**Task goal**: Show every line below where "units" can be found.

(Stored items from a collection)
=== Section Start ===

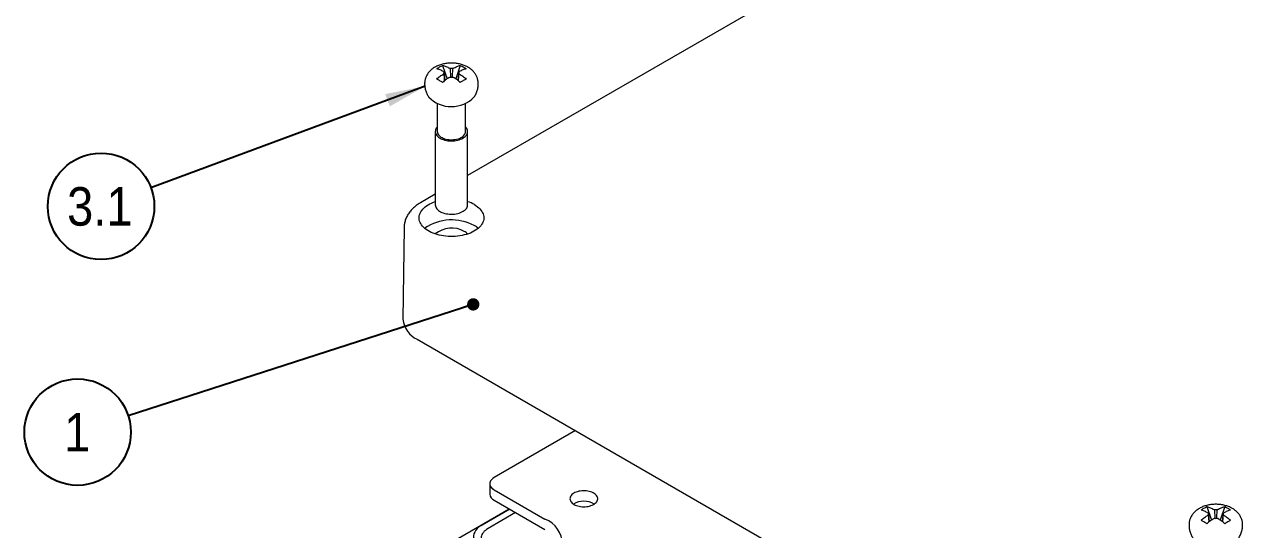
# Model space of a CAD drawing. Header units: inches. Extents: x 0.3 to 33.9, y 0.2 to 21.7.
# Drawn here: x 24.93 to 28.886, y 15.299 to 16.939 of the extents above; entities that cross this region are included whole.
import ezdxf

# ---------------------------------------------------------------- set-up
doc = ezdxf.new("R2010")
doc.units = ezdxf.units.IN
doc.header["$MEASUREMENT"] = 0
doc.linetypes.add('SLD-Solid', pattern=[0])
doc.layers.add('SLD-0', color=7, linetype='SLD-Solid')
doc.styles.add('SLDTEXTSTYLE1', font='GOTHIC.TTF', dxfattribs={"width": 0.913})
doc.styles.get("Standard").update_dxf_attribs({"font": 'GOTHIC.TTF'})
doc.dimstyles.new('SLDDIMSTYLE2', dxfattribs={"dimtxt": 0, "dimasz": 0.04, "dimexe": 0, "dimexo": 0.0625, "dimgap": 0, "dimtad": 0, "dimtih": 1, "dimtoh": 1, "dimdec": 0, "dimrnd": 1e-09, "dimzin": 0, "dimdsep": 46, "dimtxsty": 'Standard', "dimblk1": 'DOT', "dimblk2": 'DOT', "dimsah": 1, "dimcen": 0.09, "dimadec": 0, "dimazin": 0, "dimtfac": 0.04, "dimtdec": 0, "dimtofl": 0, "dimtmove": 0, "dimatfit": 3, "dimldrblk": 'DOT', "dimfxl": 0, "dimfrac": 2, "dimtolj": 1, "dimtzin": 0, "dimarcsym": 0})
doc.dimstyles.new('SLDDIMSTYLE3', dxfattribs={"dimtxt": 0, "dimasz": 0.13, "dimexe": 0, "dimexo": 0.0625, "dimgap": 0, "dimtad": 0, "dimtih": 1, "dimtoh": 1, "dimdec": 0, "dimrnd": 1e-09, "dimzin": 0, "dimdsep": 46, "dimtxsty": 'Standard', "dimsah": 1, "dimcen": 0.09, "dimadec": 0, "dimazin": 0, "dimtfac": 0.13, "dimtdec": 0, "dimtofl": 0, "dimtmove": 0, "dimatfit": 3, "dimfxl": 0, "dimfrac": 2, "dimtolj": 1, "dimtzin": 0, "dimarcsym": 0})

# ---------------------------------------------------------------- blocks, each defined once
blk = doc.blocks.new('SW_NOTE_6')
at = {"layer": 'SLD-0', "color": 0}
blk.add_circle((-0.1644, -0.0531), 0.1728, dxfattribs=at)
at = {"layer": 'SLD-0', "color": 0, "insert": (-0.1657, 0.0092), "char_height": 0.125, "attachment_point": 2, "style": 'SLDTEXTSTYLE1'}
blk.add_mtext('1', dxfattribs=at)
blk = doc.blocks.new('_DOT')
at = {"color": 0, "linetype": 'ByBlock', "lineweight": -2}
blk.add_line((-0.5, 0), (-1, 0), dxfattribs=at)
at = {"color": 0, "linetype": 'ByBlock', "const_width": 0.5}
blk.add_lwpolyline([(-0.25, 0, 1), (0.25, 0, 1)], format="xyb", close=True, dxfattribs=at)
blk = doc.blocks.new('SW_NOTE_7')
at = {"layer": 'SLD-0', "color": 0}
blk.add_circle((-0.162, -0.06), 0.1728, dxfattribs=at)
at = {"layer": 'SLD-0', "color": 0, "insert": (-0.1661, 0.0023), "char_height": 0.125, "attachment_point": 2, "style": 'SLDTEXTSTYLE1'}
blk.add_mtext('3.1', dxfattribs=at)

msp = doc.modelspace()

# ---------------------------------------------------------------- linework, layer by layer
at = {"color": 7, "linetype": 'SLD-Solid', "lineweight": 15}
for p, q in [((28.2105, 17.5107), (26.3695, 16.4479)), ((26.2882, 16.8059), (26.3032, 16.7623)), ((26.2915, 16.7853), (26.2932, 16.7844)), ((26.2932, 16.779), (26.2915, 16.778)), ((26.2932, 16.779), (26.295, 16.7562)), ((26.3123, 16.7954), (26.3107, 16.7964)), ((26.3123, 16.7954), (26.3143, 16.7679)), ((26.3234, 16.7964), (26.3217, 16.7954)), ((26.3458, 16.8059), (26.3308, 16.7623)), ((26.3409, 16.7844), (26.3388, 16.7564)), ((26.3409, 16.7844), (26.3425, 16.7853)), ((26.3425, 16.778), (26.3409, 16.779)), ((26.3107, 16.767), (26.3123, 16.7679)), ((26.3217, 16.7679), (26.3234, 16.767)), ((26.2711, 16.6823), (26.2711, 16.5909)), ((26.3629, 16.5909), (26.3629, 16.6823)), ((26.2645, 16.5909), (26.2645, 16.3531)), ((26.3695, 16.3531), (26.3695, 16.5909)), ((26.2645, 16.3873), (26.2164, 16.3595)), ((26.1632, 16.2797), (26.1597, 15.9816)), ((26.2058, 15.9168), (28.6872, 14.4842)), ((26.7198, 15.62), (26.4554, 15.4674)), ((26.4413, 15.4476), (26.4413, 15.4136)), ((26.4554, 15.4279), (26.6204, 15.3327)), ((26.4554, 15.3939), (26.6204, 15.2987)), ((26.5046, 15.3655), (26.2113, 15.1962)), ((26.5061, 15.3646), (26.4169, 15.3132)), ((26.525, 15.3538), (26.4358, 15.3023)), ((28.7697, 15.3733), (28.7847, 15.3298)), ((28.773, 15.3528), (28.7746, 15.3519)), ((28.7746, 15.3464), (28.773, 15.3455)), ((28.7746, 15.3464), (28.7764, 15.3237)), ((28.7938, 15.3629), (28.7921, 15.3639)), ((28.7938, 15.3629), (28.7958, 15.3353)), ((28.8048, 15.3639), (28.8032, 15.3629)), ((28.8273, 15.3733), (28.8123, 15.3298)), ((28.8223, 15.3519), (28.8203, 15.3239)), ((28.8223, 15.3519), (28.824, 15.3528)), ((28.824, 15.3455), (28.8223, 15.3464)), ((28.7921, 15.3345), (28.7938, 15.3354)), ((28.8032, 15.3354), (28.8048, 15.3345))]:
    msp.add_line(p, q, dxfattribs=at)
at = {"color": 7, "linetype": 'SLD-Solid', "lineweight": 15, "flags": 128}
for points in [[(26.2711, 16.6056), (26.271, 16.6055), (26.2686, 16.6027), (26.2668, 16.5998), (26.2655, 16.5968), (26.2647, 16.5937), (26.2645, 16.5906), (26.2649, 16.5874), (26.2658, 16.5844), (26.2672, 16.5814), (26.2692, 16.5784), (26.2717, 16.5757), (26.2746, 16.5731), (26.278, 16.5706), (26.2819, 16.5684), (26.286, 16.5665), (26.2906, 16.5648), (26.2954, 16.5633), (26.3004, 16.5622), (26.3056, 16.5614), (26.3109, 16.5608), (26.3163, 16.5606), (26.3217, 16.5608), (26.3271, 16.5612), (26.3323, 16.562), (26.3374, 16.563), (26.3423, 16.5644), (26.3469, 16.566), (26.3512, 16.5679), (26.3551, 16.5701), (26.3586, 16.5724), (26.3617, 16.575), (26.3643, 16.5777), (26.3664, 16.5806), (26.3679, 16.5836), (26.369, 16.5867), (26.3695, 16.5898), (26.3694, 16.5929), (26.3688, 16.596), (26.3676, 16.599), (26.3659, 16.602), (26.3637, 16.6048), (26.3629, 16.6056)], [(26.2711, 16.5909), (26.2712, 16.5891), (26.2718, 16.5862), (26.273, 16.5834), (26.2747, 16.5806), (26.2769, 16.578), (26.2796, 16.5755), (26.2828, 16.5733), (26.2864, 16.5712), (26.2903, 16.5694), (26.2946, 16.5678), (26.2991, 16.5665), (26.3039, 16.5655), (26.3088, 16.5648), (26.3138, 16.5645), (26.3189, 16.5644), (26.3239, 16.5647), (26.3289, 16.5653), (26.3337, 16.5662), (26.3383, 16.5674), (26.3427, 16.5689), (26.3467, 16.5707), (26.3504, 16.5727), (26.3536, 16.5749), (26.3565, 16.5774), (26.3588, 16.58), (26.3607, 16.5827), (26.362, 16.5855), (26.3627, 16.5884), (26.3629, 16.5909)], [(26.3913, 16.3537), (26.3964, 16.3505), (26.4012, 16.3471), (26.4055, 16.3435), (26.4093, 16.3397), (26.4127, 16.3358), (26.4156, 16.3318), (26.4179, 16.3276), (26.4198, 16.3234), (26.421, 16.3191), (26.4218, 16.3147), (26.422, 16.3103), (26.4217, 16.3059), (26.4208, 16.3016), (26.4193, 16.2973), (26.4174, 16.2931), (26.4149, 16.2889), (26.4119, 16.2849), (26.4084, 16.281), (26.4044, 16.2773), (26.4, 16.2738), (26.3952, 16.2704), (26.3899, 16.2672), (26.3843, 16.2643), (26.3783, 16.2616), (26.372, 16.2592), (26.3654, 16.2571), (26.3585, 16.2552), (26.3514, 16.2536), (26.3442, 16.2523), (26.3368, 16.2513), (26.3293, 16.2507), (26.3217, 16.2503), (26.3142, 16.2503), (26.3066, 16.2506), (26.2991, 16.2511), (26.2917, 16.252), (26.2844, 16.2533), (26.2773, 16.2548), (26.2704, 16.2566), (26.2637, 16.2587), (26.2573, 16.261), (26.2512, 16.2636), (26.2455, 16.2665), (26.2401, 16.2696), (26.2352, 16.2729), (26.2306, 16.2764), (26.2266, 16.2801), (26.2229, 16.2839), (26.2198, 16.2879), (26.2172, 16.292), (26.2151, 16.2962), (26.2136, 16.3005), (26.2125, 16.3049), (26.212, 16.3092), (26.2121, 16.3136), (26.2127, 16.318), (26.2139, 16.3223), (26.2156, 16.3266), (26.2178, 16.3307), (26.2206, 16.3348), (26.2238, 16.3388), (26.2275, 16.3426), (26.2317, 16.3462), (26.2364, 16.3497), (26.2414, 16.3529), (26.2469, 16.356), (26.2527, 16.3588), (26.2589, 16.3613), (26.2645, 16.3634)], [(26.2645, 16.3531), (26.2645, 16.3527), (26.2649, 16.3495), (26.2658, 16.3465), (26.2672, 16.3435), (26.2692, 16.3406), (26.2717, 16.3378), (26.2746, 16.3352), (26.278, 16.3328), (26.2819, 16.3305), (26.286, 16.3286), (26.2906, 16.3269), (26.2954, 16.3254), (26.3004, 16.3243), (26.3056, 16.3235), (26.3109, 16.3229), (26.3163, 16.3227), (26.3217, 16.3229), (26.3271, 16.3233), (26.3323, 16.3241), (26.3374, 16.3251), (26.3423, 16.3265), (26.3469, 16.3281), (26.3512, 16.33), (26.3551, 16.3322), (26.3586, 16.3346), (26.3617, 16.3371), (26.3643, 16.3399), (26.3664, 16.3427), (26.3679, 16.3457), (26.369, 16.3488), (26.3695, 16.3519), (26.3695, 16.3531)], [(26.4554, 15.4674), (26.4518, 15.465), (26.4487, 15.4625), (26.4461, 15.4597), (26.444, 15.4569), (26.4425, 15.4538), (26.4416, 15.4508), (26.4413, 15.4476), (26.4416, 15.4445), (26.4425, 15.4414), (26.444, 15.4384), (26.4461, 15.4356), (26.4487, 15.4328), (26.4518, 15.4303), (26.4554, 15.4279)], [(26.715, 15.3805), (26.7187, 15.3786), (26.7227, 15.3769), (26.727, 15.3755), (26.7316, 15.3744), (26.7364, 15.3736), (26.7412, 15.3731), (26.7462, 15.3729), (26.7511, 15.373), (26.756, 15.3734), (26.7608, 15.3742), (26.7655, 15.3752), (26.7698, 15.3765), (26.774, 15.3781), (26.7777, 15.38), (26.7812, 15.3821), (26.7841, 15.3844), (26.7867, 15.3868), (26.7887, 15.3894), (26.7903, 15.3921), (26.7913, 15.3949), (26.7918, 15.3978), (26.7917, 15.4007), (26.7911, 15.4035), (26.7899, 15.4063), (26.7883, 15.409), (26.7861, 15.4115), (26.7834, 15.414), (26.7803, 15.4162), (26.7768, 15.4182), (26.773, 15.42), (26.7688, 15.4215), (26.7643, 15.4228), (26.7597, 15.4238), (26.7548, 15.4244), (26.7499, 15.4248), (26.745, 15.4248), (26.74, 15.4245), (26.7352, 15.424), (26.7305, 15.4231), (26.7259, 15.4219), (26.7217, 15.4204), (26.7177, 15.4187), (26.7141, 15.4167), (26.7109, 15.4145), (26.7082, 15.4122), (26.7059, 15.4096), (26.7041, 15.407), (26.7028, 15.4042), (26.702, 15.4014), (26.7018, 15.3985), (26.7022, 15.3957), (26.703, 15.3928), (26.7045, 15.3901), (26.7064, 15.3875), (26.7088, 15.385), (26.7117, 15.3826), (26.715, 15.3805)], [(26.4358, 15.3023), (26.4313, 15.2995), (26.4273, 15.2964), (26.4237, 15.2932), (26.4207, 15.2898), (26.4181, 15.2863), (26.4161, 15.2826), (26.4147, 15.2789), (26.4138, 15.2751), (26.4135, 15.2713), (26.4138, 15.2674), (26.4147, 15.2636), (26.4161, 15.2599), (26.4181, 15.2562), (26.4207, 15.2527), (26.4237, 15.2493), (26.4273, 15.2461), (26.4313, 15.2431), (26.4358, 15.2402)]]:
    msp.add_lwpolyline(points, dxfattribs=at)
at = {"color": 7, "linetype": 'SLD-Solid', "lineweight": 15}
for centre, radius, start, end in [((26.301, 16.7817), 0.00828, 160.7635, 199.2365), ((26.317, 16.7539), 0.0418, 83.5081, 96.4919), ((26.333, 16.7817), 0.00828, 340.7635, 19.2365), ((26.317, 16.8094), 0.0418, 263.5081, 276.4919), ((26.317, 16.7749), 0.103, 224.1453, 315.8847), ((26.3324, 16.2501), 0.1192, 60.3818, 71.8377), ((26.3179, 16.1495), 0.1547, 61.6992, 124.5799), ((26.3179, 16.1937), 0.0839, 60.8476, 129.5059), ((26.3381, 16.2298), 0.0424, 42.286, 60.9406), ((26.3493, 16.2122), 0.0847, 49.8348, 60.2962), ((26.2375, 15.9881), 0.0781, 184.7689, 246.0255), ((26.4661, 15.4165), 0.025, 186.5936, 244.7265), ((26.7468, 15.3239), 0.0672, 59.5782, 120.4218), ((28.7825, 15.3492), 0.00828, 160.7635, 199.2365), ((28.7985, 15.3214), 0.0418, 83.5081, 96.4919), ((28.8145, 15.3492), 0.00828, 340.7635, 19.2365), ((26.433, 15.2713), 0.0449, 110.9922, 249.0078), ((26.5888, 15.2506), 0.088, 291.0647, 68.9353), ((28.7985, 15.3769), 0.0418, 263.5081, 276.4919)]:
    msp.add_arc(centre, radius, start, end, dxfattribs=at)
for points, knots in [([(26.3704, 16.8001), (26.3693, 16.8008), (26.3663, 16.8024), (26.3614, 16.8048), (26.3555, 16.8071), (26.3494, 16.8091), (26.3431, 16.8107), (26.3367, 16.8119), (26.3302, 16.8128), (26.3236, 16.8134), (26.317, 16.8135), (26.3104, 16.8134), (26.3038, 16.8128), (26.2973, 16.8119), (26.2909, 16.8107), (26.2845, 16.809), (26.2782, 16.807), (26.2722, 16.8045), (26.2663, 16.8017), (26.2607, 16.7985), (26.2556, 16.795), (26.2511, 16.7913), (26.2471, 16.7875), (26.2435, 16.7835), (26.2402, 16.7791), (26.2373, 16.7744), (26.2347, 16.7693), (26.2328, 16.7642), (26.2313, 16.7589), (26.2304, 16.7536), (26.23, 16.7495), (26.23, 16.7472), (26.2301, 16.7466)], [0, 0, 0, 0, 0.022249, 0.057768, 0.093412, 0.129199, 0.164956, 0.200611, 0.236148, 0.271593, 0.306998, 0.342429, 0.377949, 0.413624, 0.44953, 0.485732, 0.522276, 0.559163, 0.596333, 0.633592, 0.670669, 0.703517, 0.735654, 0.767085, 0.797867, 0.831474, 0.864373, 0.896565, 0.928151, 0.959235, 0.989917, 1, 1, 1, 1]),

=== Section End ===

**Answer to this problem**:
# Model space of a CAD drawing. Header units: inches. Extents: x 0.3 to 33.9, y 0.2 to 21.7.
doc.units = ezdxf.units.IN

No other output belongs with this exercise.